JOURNAL OF INFORMATION, KNOWLEDGE AND RESEARCH IN
CIVIL ENGINEERING
BIO ENERGY: LEVERAGE TO SUSTAINABLE AND
INCLUSIVE GROWTH- INDIAN CONTEXT
1 MS.
ZANKHANA S. DAVE
STUDENT OF M.E. ENVIRONMENTAL MANAGEMENT, LDCE-AHMEDABAD-GUJARAT-INDIA
[email protected]
ABSTRACT— The paper is intended to explain the proportionality between sustainable growth and Utilization
of Bio energy. Looking at the energy consumption through conventional sources and corresponding increased
GHG emission, Renewable energy can only be the solution. With the combination of various technologies,
initiative of leading entrepreneurs and MNRE, Biogas bottling has been possible that shows a great scope to
replace conventional fuel like PNG/CNG/LPG that certainly will provide leverage to process of achieving
Sustainable Development.
Key Words —Conventional Energy Sources, Biogas Bottling Plants, Renewable Energy, Sustainable Growth
I. INTRODUCTION
A. Sustainable Growth
TOO often, we view health, social, economic,
security, environmental, and other major societal
issues as separate, competing, and hierarchical, when
they are really systemic and interdependent.

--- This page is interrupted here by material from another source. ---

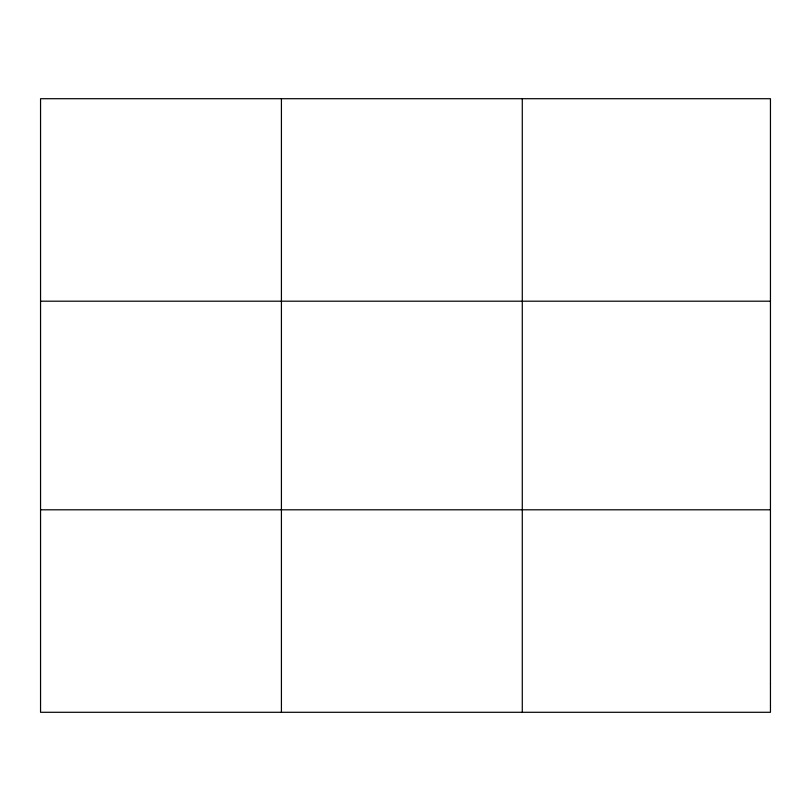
<?xml version="1.0" encoding="UTF-8"?>
<svg xmlns="http://www.w3.org/2000/svg" width="811" height="811" viewBox="0 0 811 811"><rect width="100%" height="100%" fill="white"/><g stroke="black" fill="none" stroke-linecap="round" stroke-linejoin="round"><path stroke-width="1.22" d="M281.417 712.291L281.417 98.709M522.284 712.291L522.284 98.709M40.55 301.195L770.45 301.195M40.55 509.805L770.45 509.805M770.45 683.369L770.45 712.291L40.55 712.291L40.55 98.709L770.45 98.709L770.45 683.369"/></g></svg>

Approaching all these sectors in an integrative
methodology, a major quality shift is achieved in life
cycle of human beings and other natural living and
non living entities.
The concept of sustainability has emerged as an
aspiration for the direction of society that evolved
from the conclusions of the United Nations World
Commission on Environment and Development in its
1987 landmark report entitled "Our Common Future"
(commonly referred to as the Brundtland Report).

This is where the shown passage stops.